Below is an AI-generated summary of a recent article presenting current scientific hypotheses that help explain the effectiveness of Calatonia and Subtle Touch:

Blanchard, A. R. (2023). From WWII with Compassion: The Calatonia® somatic approach for global reorganization and mutual regulation of soma and psyche. International Body Psychotherapy Journal The Art and Science of Somatic Praxis, 21(2),  91-105

Full article here

 

  1. Dyadic Regulation and Restoring Self‑Regulated States

Core idea:
Calatonia is designed to retrain self-regulation in the presence of a regulated other (the therapist), rather than starting directly from traumatic material.

Hypotheses:

  • Recovery from war trauma and separateness requires reestablishing regulated states while in safe, attuned contact with another person (dyadic regulation retraining), despite still facing the challenges of postwar recovery.
  • Calatonia provides a passive, non-demanding therapeutic context (no effortful relaxation, no cognitive tasks) that allows severely stressed or traumatized individuals to experience bodily and emotional regulation without needing motivation, willpower, or active cooperation.
  • This supports patients who:
    • Are demoralized, apathetic, depressed, or resistant to self-care.
    • Carry “moral injury” and survivor guilt that make self-care difficult.
    • Lack sufficient ego strength or developmental maturity to face traumatic material directly.
  1. Orienting Reflex (OR) and Motivation

Core idea:
Calatonia deliberately uses novel, gentle, non-threatening sensory stimuli to activate the Orienting Reflex, which reorganizes motivation and basic engagement with life.

Hypotheses:

  • The OR is triggered by new, neutral/pleasant stimuli and is a pre‑social drive to explore (curiosity, learning, engagement), different from threat-related defensive reflexes.
  • By repeatedly triggering the OR with subtle, unusual touch (e.g., static, sustained bilateral contact, small vibrations, passive movements), Calatonia:
    • Shifts the nervous system away from chronic defensive/startle responses.
    • Reorganizes motivational and appetitive systems towards exploration and engagement.
  • Over time, more frequent OR activation reduces the frequency/intensity of defensive/startle responses to non-threatening stimuli, which is clinically relevant in PTSD.
  1. Resting State Network (RSN) and Default Mode Network (DMN)

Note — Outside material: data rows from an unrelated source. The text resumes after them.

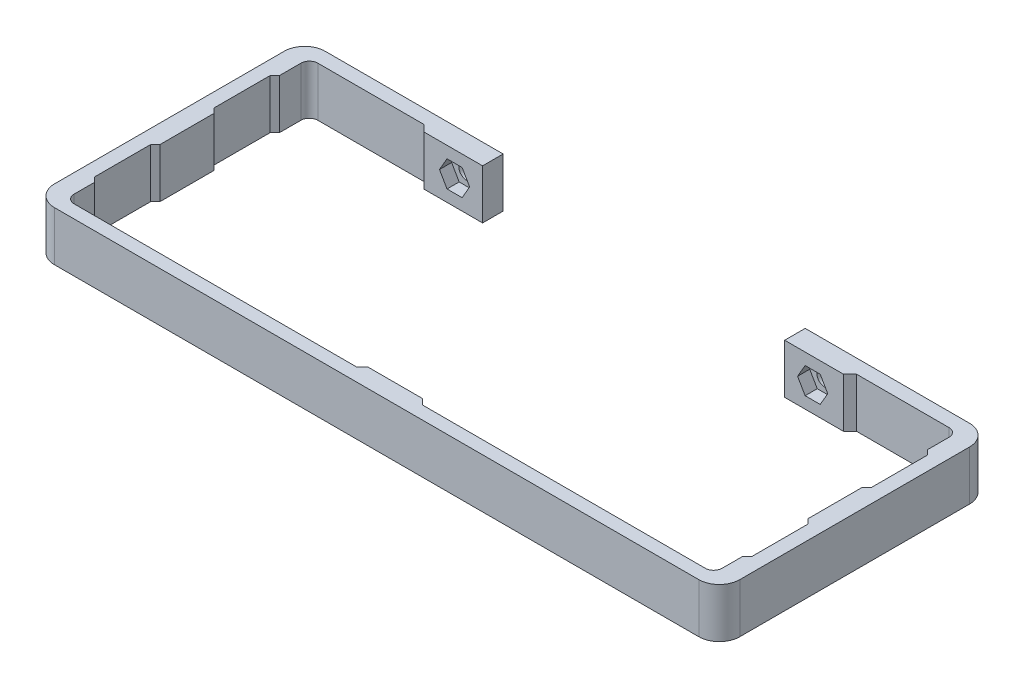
ISO-10303-21;
HEADER;
FILE_DESCRIPTION(('STEP AP214'),'2;1');
FILE_NAME('part.step','',(''),(''),'','','');
FILE_SCHEMA(('AUTOMOTIVE_DESIGN { 1 0 10303 214 1 1 1 1 }'));
ENDSEC;
DATA;
#1=APPLICATION_CONTEXT('core data for automotive mechanical design processes');
#2=APPLICATION_PROTOCOL_DEFINITION('international standard','automotive_design',2000,#1);
#3=PRODUCT_CONTEXT('',#1,'mechanical');
#4=PRODUCT('Part','Part','',(#3));
#5=PRODUCT_RELATED_PRODUCT_CATEGORY('part','',(#4));
#6=PRODUCT_DEFINITION_FORMATION('','',#4);
#7=PRODUCT_DEFINITION_CONTEXT('part definition',#1,'design');
#8=PRODUCT_DEFINITION('design','',#6,#7);
#9=PRODUCT_DEFINITION_SHAPE('','',#8);
#10=(LENGTH_UNIT() NAMED_UNIT(*) SI_UNIT(.MILLI.,.METRE.));
#11=(NAMED_UNIT(*) PLANE_ANGLE_UNIT() SI_UNIT($,.RADIAN.));
#12=(NAMED_UNIT(*) SI_UNIT($,.STERADIAN.) SOLID_ANGLE_UNIT());
#13=UNCERTAINTY_MEASURE_WITH_UNIT(LENGTH_MEASURE(1.E-05),#10,'distance_accuracy_value','');
#14=(GEOMETRIC_REPRESENTATION_CONTEXT(3) GLOBAL_UNCERTAINTY_ASSIGNED_CONTEXT((#13)) GLOBAL_UNIT_ASSIGNED_CONTEXT((#10,
#11,#12)) REPRESENTATION_CONTEXT('',''));
#15=CARTESIAN_POINT('',(0.,0.,0.));
#16=DIRECTION('',(0.,0.,1.));
#17=DIRECTION('',(1.,0.,0.));
#18=AXIS2_PLACEMENT_3D('',#15,#16,#17);
#19=CARTESIAN_POINT('',(117.397379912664,37.2165938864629,-54.));
#20=DIRECTION('',(1.,0.,0.));
#21=DIRECTION('',(0.,0.,-1.));
#22=AXIS2_PLACEMENT_3D('',#19,#20,#21);
#23=PLANE('',#22);
#24=DIRECTION('',(0.,0.,1.));
#25=VECTOR('',#24,1.);
#26=CARTESIAN_POINT('',(117.397379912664,47.8165938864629,-54.));
#27=LINE('',#26,#25);
#28=CARTESIAN_POINT('',(117.397379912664,47.8165938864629,-49.2));
#29=VERTEX_POINT('',#28);
#30=CARTESIAN_POINT('',(117.397379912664,47.8165938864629,-44.6));
#31=VERTEX_POINT('',#30);
#32=EDGE_CURVE('E552',#29,#31,#27,.T.);
#33=ORIENTED_EDGE('',*,*,#32,.F.);
#34=DIRECTION('',(0.,1.,0.));
#35=VECTOR('',#34,1.);
#36=CARTESIAN_POINT('',(117.397379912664,37.2165938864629,-49.2));
#37=LINE('',#36,#35);
#38=CARTESIAN_POINT('',(117.397379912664,37.2165938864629,-49.2));
#39=VERTEX_POINT('',#38);
#40=EDGE_CURVE('E758',#29,#39,#37,.F.);
#41=ORIENTED_EDGE('',*,*,#40,.T.);
#42=DIRECTION('',(0.,0.,1.));
#43=VECTOR('',#42,1.);
#44=CARTESIAN_POINT('',(117.397379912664,37.2165938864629,-54.));
#45=LINE('',#44,#43);
#46=CARTESIAN_POINT('',(117.397379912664,37.2165938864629,-44.6));
#47=VERTEX_POINT('',#46);
#48=EDGE_CURVE('E556',#39,#47,#45,.T.);
#49=ORIENTED_EDGE('',*,*,#48,.T.);
#50=DIRECTION('',(0.,-1.,0.));
#51=VECTOR('',#50,1.);
#52=CARTESIAN_POINT('',(117.397379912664,37.2165938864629,-44.6));
#53=LINE('',#52,#51);
#54=EDGE_CURVE('E657',#47,#31,#53,.F.);
#55=ORIENTED_EDGE('',*,*,#54,.T.);
#56=EDGE_LOOP('',(#33,#41,#49,#55));
#57=FACE_BOUND('',#56,.T.);
#58=ADVANCED_FACE('F33',(#57),#23,.F.);
#59=CARTESIAN_POINT('',(-21.4026200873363,37.2165938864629,-54.));
#60=DIRECTION('',(-1.,0.,0.));
#61=DIRECTION('',(0.,0.,1.));
#62=AXIS2_PLACEMENT_3D('',#59,#60,#61);
#63=PLANE('',#62);
#64=DIRECTION('',(0.,0.,1.));
#65=VECTOR('',#64,1.);
#66=CARTESIAN_POINT('',(-21.4026200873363,47.8165938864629,-54.));
#67=LINE('',#66,#65);
#68=CARTESIAN_POINT('',(-21.4026200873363,47.8165938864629,-5.00000000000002));
#69=VERTEX_POINT('',#68);
#70=CARTESIAN_POINT('',(-21.4026200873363,47.8165938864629,-0.599999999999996));
#71=VERTEX_POINT('',#70);
#72=EDGE_CURVE('E541',#69,#71,#67,.T.);
#73=ORIENTED_EDGE('',*,*,#72,.T.);
#74=DIRECTION('',(0.,1.,0.));
#75=VECTOR('',#74,1.);
#76=CARTESIAN_POINT('',(-21.4026200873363,37.2165938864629,-0.6));
#77=LINE('',#76,#75);
#78=CARTESIAN_POINT('',(-21.4026200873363,37.2165938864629,-0.599999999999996));
#79=VERTEX_POINT('',#78);
#80=EDGE_CURVE('E54',#71,#79,#77,.F.);
#81=ORIENTED_EDGE('',*,*,#80,.T.);
#82=DIRECTION('',(0.,0.,1.));
#83=VECTOR('',#82,1.);
#84=CARTESIAN_POINT('',(-21.4026200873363,37.2165938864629,-54.));
#85=LINE('',#84,#83);
#86=CARTESIAN_POINT('',(-21.4026200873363,37.2165938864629,-5.00000000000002));
#87=VERTEX_POINT('',#86);
#88=EDGE_CURVE('E538',#87,#79,#85,.T.);
#89=ORIENTED_EDGE('',*,*,#88,.F.);
#90=DIRECTION('',(0.,-1.,0.));
#91=VECTOR('',#90,1.);
#92=CARTESIAN_POINT('',(-21.4026200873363,37.2165938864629,-5.00000000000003));
#93=LINE('',#92,#91);
#94=EDGE_CURVE('E714',#87,#69,#93,.F.);
#95=ORIENTED_EDGE('',*,*,#94,.T.);
#96=EDGE_LOOP('',(#73,#81,#89,#95));
#97=FACE_BOUND('',#96,.T.);
#98=ADVANCED_FACE('F912',(#97),#63,.F.);
#99=CARTESIAN_POINT('',(-21.4026200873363,47.8165938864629,-30.6));
#100=VERTEX_POINT('',#99);
#101=CARTESIAN_POINT('',(-21.4026200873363,47.8165938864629,-19.));
#102=VERTEX_POINT('',#101);
#103=EDGE_CURVE('E546',#100,#102,#67,.T.);
#104=ORIENTED_EDGE('',*,*,#103,.T.);
#105=DIRECTION('',(0.,1.,0.));
#106=VECTOR('',#105,1.);
#107=CARTESIAN_POINT('',(-21.4026200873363,37.2165938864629,-19.));
#108=LINE('',#107,#106);
#109=CARTESIAN_POINT('',(-21.4026200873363,37.2165938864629,-19.));
#110=VERTEX_POINT('',#109);
#111=EDGE_CURVE('E709',#102,#110,#108,.F.);
#112=ORIENTED_EDGE('',*,*,#111,.T.);
#113=CARTESIAN_POINT('',(-21.4026200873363,37.2165938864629,-30.6));
#114=VERTEX_POINT('',#113);
#115=EDGE_CURVE('E542',#114,#110,#85,.T.);
#116=ORIENTED_EDGE('',*,*,#115,.F.);
#117=DIRECTION('',(0.,-1.,0.));
#118=VECTOR('',#117,1.);
#119=CARTESIAN_POINT('',(-21.4026200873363,37.2165938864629,-30.6));
#120=LINE('',#119,#118);
#121=EDGE_CURVE('E722',#114,#100,#120,.F.);
#122=ORIENTED_EDGE('',*,*,#121,.T.);
#123=EDGE_LOOP('',(#104,#112,#116,#122));
#124=FACE_BOUND('',#123,.T.);
#125=ADVANCED_FACE('F901',(#124),#63,.F.);
#126=CARTESIAN_POINT('',(117.397379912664,47.8165938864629,-30.6));
#127=VERTEX_POINT('',#126);
#128=CARTESIAN_POINT('',(117.397379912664,47.8165938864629,-19.));
#129=VERTEX_POINT('',#128);
#130=EDGE_CURVE('E555',#127,#129,#27,.T.);
#131=ORIENTED_EDGE('',*,*,#130,.F.);
#132=DIRECTION('',(0.,1.,0.));
#133=VECTOR('',#132,1.);
#134=CARTESIAN_POINT('',(117.397379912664,37.2165938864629,-30.6));
#135=LINE('',#134,#133);
#136=CARTESIAN_POINT('',(117.397379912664,37.2165938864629,-30.6));
#137=VERTEX_POINT('',#136);
#138=EDGE_CURVE('E684',#127,#137,#135,.F.);
#139=ORIENTED_EDGE('',*,*,#138,.T.);
#140=CARTESIAN_POINT('',(117.397379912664,37.2165938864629,-19.));
#141=VERTEX_POINT('',#140);
#142=EDGE_CURVE('E559',#137,#141,#45,.T.);
#143=ORIENTED_EDGE('',*,*,#142,.T.);
#144=DIRECTION('',(0.,-1.,0.));
#145=VECTOR('',#144,1.);
#146=CARTESIAN_POINT('',(117.397379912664,37.2165938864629,-19.));
#147=LINE('',#146,#145);
#148=EDGE_CURVE('E673',#141,#129,#147,.F.);
#149=ORIENTED_EDGE('',*,*,#148,.T.);
#150=EDGE_LOOP('',(#131,#139,#143,#149));
#151=FACE_BOUND('',#150,.T.);
#152=ADVANCED_FACE('F861',(#151),#23,.F.);
#153=CARTESIAN_POINT('',(87.7973799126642,42.5165938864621,-43.4));
#154=DIRECTION('',(0.,0.,-1.));
#155=DIRECTION('',(-1.,0.,0.));
#156=AXIS2_PLACEMENT_3D('',#153,#154,#155);
#157=CYLINDRICAL_SURFACE('',#156,1.70000000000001);
#158=CARTESIAN_POINT('',(87.7973799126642,42.5165938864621,-54.));
#159=DIRECTION('',(0.,0.,-1.));
#160=DIRECTION('',(-1.,0.,0.));
#161=AXIS2_PLACEMENT_3D('',#158,#159,#160);
#162=CIRCLE('',#161,1.70000000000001);
#163=CARTESIAN_POINT('',(86.0973799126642,42.5165938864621,-54.));
#164=VERTEX_POINT('',#163);
#165=EDGE_CURVE('E496',#164,#164,#162,.T.);
#166=ORIENTED_EDGE('',*,*,#165,.T.);
#167=EDGE_LOOP('',(#166));
#168=FACE_BOUND('',#167,.T.);
#169=CARTESIAN_POINT('',(87.7973799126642,42.5165938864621,-52.2));
#170=DIRECTION('',(0.,0.,1.));
#171=DIRECTION('',(1.,0.,0.));
#172=AXIS2_PLACEMENT_3D('',#169,#170,#171);
#173=CIRCLE('',#172,1.70000000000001);
#174=CARTESIAN_POINT('',(89.4973799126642,42.5165938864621,-52.2));
#175=VERTEX_POINT('',#174);
#176=EDGE_CURVE('E439',#175,#175,#173,.F.);
#177=ORIENTED_EDGE('',*,*,#176,.F.);
#178=EDGE_LOOP('',(#177));
#179=FACE_BOUND('',#178,.T.);
#180=ADVANCED_FACE('F1263',(#168,#179),#157,.F.);
#181=CARTESIAN_POINT('',(11.0973799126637,42.5165938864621,-43.4));
#182=DIRECTION('',(0.,0.,-1.));
#183=DIRECTION('',(-1.,0.,0.));
#184=AXIS2_PLACEMENT_3D('',#181,#182,#183);
#185=CYLINDRICAL_SURFACE('',#184,1.7);
#186=CARTESIAN_POINT('',(11.0973799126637,42.5165938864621,-54.));
#187=DIRECTION('',(0.,0.,-1.));
#188=DIRECTION('',(-1.,0.,0.));
#189=AXIS2_PLACEMENT_3D('',#186,#187,#188);
#190=CIRCLE('',#189,1.7);
#191=CARTESIAN_POINT('',(9.39737991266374,42.5165938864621,-54.));
#192=VERTEX_POINT('',#191);
#193=EDGE_CURVE('E499',#192,#192,#190,.T.);
#194=ORIENTED_EDGE('',*,*,#193,.T.);
#195=EDGE_LOOP('',(#194));
#196=FACE_BOUND('',#195,.T.);
#197=CARTESIAN_POINT('',(11.0973799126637,42.5165938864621,-52.2));
#198=DIRECTION('',(0.,0.,1.));
#199=DIRECTION('',(1.,0.,0.));
#200=AXIS2_PLACEMENT_3D('',#197,#198,#199);
#201=CIRCLE('',#200,1.7);
#202=CARTESIAN_POINT('',(12.7973799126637,42.5165938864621,-52.2));
#203=VERTEX_POINT('',#202);
#204=EDGE_CURVE('E485',#203,#203,#201,.F.);
#205=ORIENTED_EDGE('',*,*,#204,.F.);
#206=EDGE_LOOP('',(#205));
#207=FACE_BOUND('',#206,.T.);
#208=ADVANCED_FACE('F946',(#196,#207),#185,.F.);
#209=CARTESIAN_POINT('',(0.,0.,0.));
#210=DIRECTION('',(0.,0.,1.));
#211=DIRECTION('',(1.,0.,0.));
#212=AXIS2_PLACEMENT_3D('',#209,#210,#211);
#213=PLANE('',#212);
#214=DIRECTION('',(1.,0.,0.));
#215=VECTOR('',#214,1.);
#216=CARTESIAN_POINT('',(-25.4026200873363,37.2165938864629,0.));
#217=LINE('',#216,#215);
#218=CARTESIAN_POINT('',(42.1973799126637,37.2165938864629,0.));
#219=VERTEX_POINT('',#218);
#220=CARTESIAN_POINT('',(53.7973799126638,37.2165938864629,0.));
#221=VERTEX_POINT('',#220);
#222=EDGE_CURVE('E558',#219,#221,#217,.T.);
#223=ORIENTED_EDGE('',*,*,#222,.F.);
#224=DIRECTION('',(0.,-1.,0.));
#225=VECTOR('',#224,1.);
#226=CARTESIAN_POINT('',(42.1973799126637,0.,0.));
#227=LINE('',#226,#225);
#228=CARTESIAN_POINT('',(42.1973799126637,47.8165938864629,0.));
#229=VERTEX_POINT('',#228);
#230=EDGE_CURVE('E697',#219,#229,#227,.F.);
#231=ORIENTED_EDGE('',*,*,#230,.T.);
#232=DIRECTION('',(-1.,0.,0.));
#233=VECTOR('',#232,1.);
#234=CARTESIAN_POINT('',(-25.4026200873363,47.8165938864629,0.));
#235=LINE('',#234,#233);
#236=CARTESIAN_POINT('',(53.7973799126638,47.8165938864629,0.));
#237=VERTEX_POINT('',#236);
#238=EDGE_CURVE('E564',#237,#229,#235,.T.);
#239=ORIENTED_EDGE('',*,*,#238,.F.);
#240=DIRECTION('',(0.,1.,0.));
#241=VECTOR('',#240,1.);
#242=CARTESIAN_POINT('',(53.7973799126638,0.,0.));
#243=LINE('',#242,#241);
#244=EDGE_CURVE('E692',#237,#221,#243,.F.);
#245=ORIENTED_EDGE('',*,*,#244,.T.);
#246=EDGE_LOOP('',(#223,#231,#239,#245));
#247=FACE_BOUND('',#246,.T.);
#248=ADVANCED_FACE('F885',(#247),#213,.F.);
#249=CARTESIAN_POINT('',(-25.4026200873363,47.8165938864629,4.));
#250=DIRECTION('',(1.,0.,0.));
#251=DIRECTION('',(0.,1.,0.));
#252=AXIS2_PLACEMENT_3D('',#249,#250,#251);
#253=PLANE('',#252);
#254=DIRECTION('',(0.,0.,-1.));
#255=VECTOR('',#254,1.);
#256=CARTESIAN_POINT('',(-25.4026200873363,47.8165938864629,4.));
#257=LINE('',#256,#255);
#258=CARTESIAN_POINT('',(-25.4026200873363,47.8165938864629,-0.4));
#259=VERTEX_POINT('',#258);
#260=CARTESIAN_POINT('',(-25.4026200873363,47.8165938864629,-49.6));
#261=VERTEX_POINT('',#260);
#262=EDGE_CURVE('E567',#259,#261,#257,.T.);
#263=ORIENTED_EDGE('',*,*,#262,.T.);
#264=DIRECTION('',(0.,1.,0.));
#265=VECTOR('',#264,1.);
#266=CARTESIAN_POINT('',(-25.4026200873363,37.2165938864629,-49.6));
#267=LINE('',#266,#265);
#268=CARTESIAN_POINT('',(-25.4026200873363,37.2165938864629,-49.6));
#269=VERTEX_POINT('',#268);
#270=EDGE_CURVE('E609',#261,#269,#267,.F.);
#271=ORIENTED_EDGE('',*,*,#270,.T.);
#272=DIRECTION('',(0.,0.,-1.));
#273=VECTOR('',#272,1.);
#274=CARTESIAN_POINT('',(-25.4026200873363,37.2165938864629,4.));
#275=LINE('',#274,#273);
#276=CARTESIAN_POINT('',(-25.4026200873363,37.2165938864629,-0.4));
#277=VERTEX_POINT('',#276);
#278=EDGE_CURVE('E578',#277,#269,#275,.T.);
#279=ORIENTED_EDGE('',*,*,#278,.F.);
#280=DIRECTION('',(0.,-1.,0.));
#281=VECTOR('',#280,1.);
#282=CARTESIAN_POINT('',(-25.4026200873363,47.8165938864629,-0.4));
#283=LINE('',#282,#281);
#284=EDGE_CURVE('E607',#277,#259,#283,.F.);
#285=ORIENTED_EDGE('',*,*,#284,.T.);
#286=EDGE_LOOP('',(#263,#271,#279,#285));
#287=FACE_BOUND('',#286,.T.);
#288=ADVANCED_FACE('F945',(#287),#253,.F.);
#289=CARTESIAN_POINT('',(-25.4026200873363,37.2165938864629,4.));
#290=DIRECTION('',(0.,1.,0.));
#291=DIRECTION('',(0.,0.,1.));
#292=AXIS2_PLACEMENT_3D('',#289,#290,#291);
#293=PLANE('',#292);
#294=ORIENTED_EDGE('',*,*,#88,.T.);
#295=CARTESIAN_POINT('',(-19.6026200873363,37.2165938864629,-0.6));
#296=DIRECTION('',(0.,1.,0.));
#297=DIRECTION('',(0.,0.,1.));
#298=AXIS2_PLACEMENT_3D('',#295,#296,#297);
#299=CIRCLE('',#298,1.8);
#300=CARTESIAN_POINT('',(-19.6026200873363,37.2165938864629,1.2));
#301=VERTEX_POINT('',#300);
#302=EDGE_CURVE('E11',#79,#301,#299,.T.);
#303=ORIENTED_EDGE('',*,*,#302,.T.);
#304=DIRECTION('',(1.,0.,0.));
#305=VECTOR('',#304,1.);
#306=CARTESIAN_POINT('',(-25.4026200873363,37.2165938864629,1.2));
#307=LINE('',#306,#305);
#308=CARTESIAN_POINT('',(40.9973799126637,37.2165938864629,1.2));
#309=VERTEX_POINT('',#308);
#310=EDGE_CURVE('E817',#301,#309,#307,.T.);
#311=ORIENTED_EDGE('',*,*,#310,.T.);
#312=DIRECTION('',(-0.707106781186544,0.,0.707106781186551));
#313=VECTOR('',#312,1.);
#314=CARTESIAN_POINT('',(6.39737991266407,37.2165938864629,35.8));
#315=LINE('',#314,#313);
#316=EDGE_CURVE('E703',#309,#219,#315,.F.);
#317=ORIENTED_EDGE('',*,*,#316,.T.);
#318=ORIENTED_EDGE('',*,*,#222,.T.);
#319=DIRECTION('',(-0.707106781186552,0.,-0.707106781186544));
#320=VECTOR('',#319,1.);
#321=CARTESIAN_POINT('',(16.1973799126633,37.2165938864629,-37.6));
#322=LINE('',#321,#320);
#323=CARTESIAN_POINT('',(54.9973799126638,37.2165938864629,1.20000000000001));
#324=VERTEX_POINT('',#323);
#325=EDGE_CURVE('E695',#221,#324,#322,.F.);
#326=ORIENTED_EDGE('',*,*,#325,.T.);
#327=DIRECTION('',(1.,0.,0.));
#328=VECTOR('',#327,1.);
#329=CARTESIAN_POINT('',(-25.4026200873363,37.2165938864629,1.20000000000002));
#330=LINE('',#329,#328);
#331=CARTESIAN_POINT('',(115.597379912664,37.2165938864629,1.2));
#332=VERTEX_POINT('',#331);
#333=EDGE_CURVE('E822',#324,#332,#330,.T.);
#334=ORIENTED_EDGE('',*,*,#333,.T.);
#335=CARTESIAN_POINT('',(115.597379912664,37.2165938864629,-0.599999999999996));
#336=DIRECTION('',(0.,1.,0.));
#337=DIRECTION('',(0.,0.,1.));
#338=AXIS2_PLACEMENT_3D('',#335,#336,#337);
#339=CIRCLE('',#338,1.8);
#340=CARTESIAN_POINT('',(117.397379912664,37.2165938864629,-0.599999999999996));
#341=VERTEX_POINT('',#340);
#342=EDGE_CURVE('E780',#332,#341,#339,.T.);
#343=ORIENTED_EDGE('',*,*,#342,.T.);
#344=CARTESIAN_POINT('',(117.397379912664,37.2165938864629,-5.00000000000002));
#345=VERTEX_POINT('',#344);
#346=EDGE_CURVE('E554',#345,#341,#45,.T.);
#347=ORIENTED_EDGE('',*,*,#346,.F.);
#348=DIRECTION('',(-0.707106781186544,0.,0.707106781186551));
#349=VECTOR('',#348,1.);
#350=CARTESIAN_POINT('',(41.4973799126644,37.2165938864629,70.9));
#351=LINE('',#350,#349);
#352=CARTESIAN_POINT('',(118.397379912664,37.2165938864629,-6.00000000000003));
#353=VERTEX_POINT('',#352);
#354=EDGE_CURVE('E671',#345,#353,#351,.F.);
#355=ORIENTED_EDGE('',*,*,#354,.T.);
#356=DIRECTION('',(0.,0.,-1.));
#357=VECTOR('',#356,1.);
#358=CARTESIAN_POINT('',(118.397379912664,37.2165938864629,4.));
#359=LINE('',#358,#357);
#360=CARTESIAN_POINT('',(118.397379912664,37.2165938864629,-18.));
#361=VERTEX_POINT('',#360);
#362=EDGE_CURVE('E416',#353,#361,#359,.T.);
#363=ORIENTED_EDGE('',*,*,#362,.T.);
#364=DIRECTION('',(0.70710678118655,0.,0.707106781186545));
#365=VECTOR('',#364,1.);
#366=CARTESIAN_POINT('',(57.4973799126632,37.2165938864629,-78.9000000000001));
#367=LINE('',#366,#365);
#368=EDGE_CURVE('E678',#361,#141,#367,.F.);
#369=ORIENTED_EDGE('',*,*,#368,.T.);
#370=ORIENTED_EDGE('',*,*,#142,.F.);
#371=DIRECTION('',(-0.707106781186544,0.,0.707106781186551));
#372=VECTOR('',#371,1.);
#373=CARTESIAN_POINT('',(28.6973799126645,37.2165938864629,58.1000000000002));
#374=LINE('',#373,#372);
#375=CARTESIAN_POINT('',(118.397379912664,37.2165938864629,-31.6));
#376=VERTEX_POINT('',#375);
#377=EDGE_CURVE('E687',#137,#376,#374,.F.);
#378=ORIENTED_EDGE('',*,*,#377,.T.);
#379=DIRECTION('',(0.,0.,-1.));
#380=VECTOR('',#379,1.);
#381=CARTESIAN_POINT('',(118.397379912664,37.2165938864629,4.));
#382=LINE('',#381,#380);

Resting State Network (RSN)

Core idea:
The supine, eyes-closed, task-free setup of Calatonia engages the RSN, creating an optimal condition for regulation of brain-wide connectivity.

Hypotheses:

  • In the supine resting position, with minimal external demands, the brain naturally shifts into RSN functional connectivity.
  • A healthy RSN is a marker of overall healthy integration of large-scale and local brain networks.
  • Calatonia adds a steady stream of gentle, rhythmic passive touch to this resting context, which:
    • Does not disrupt RSN.
    • Can be absorbed via neural entrainment of large-scale networks.
    • Provides a medium for the brain to self-regulate while in the safety of dyadic contact.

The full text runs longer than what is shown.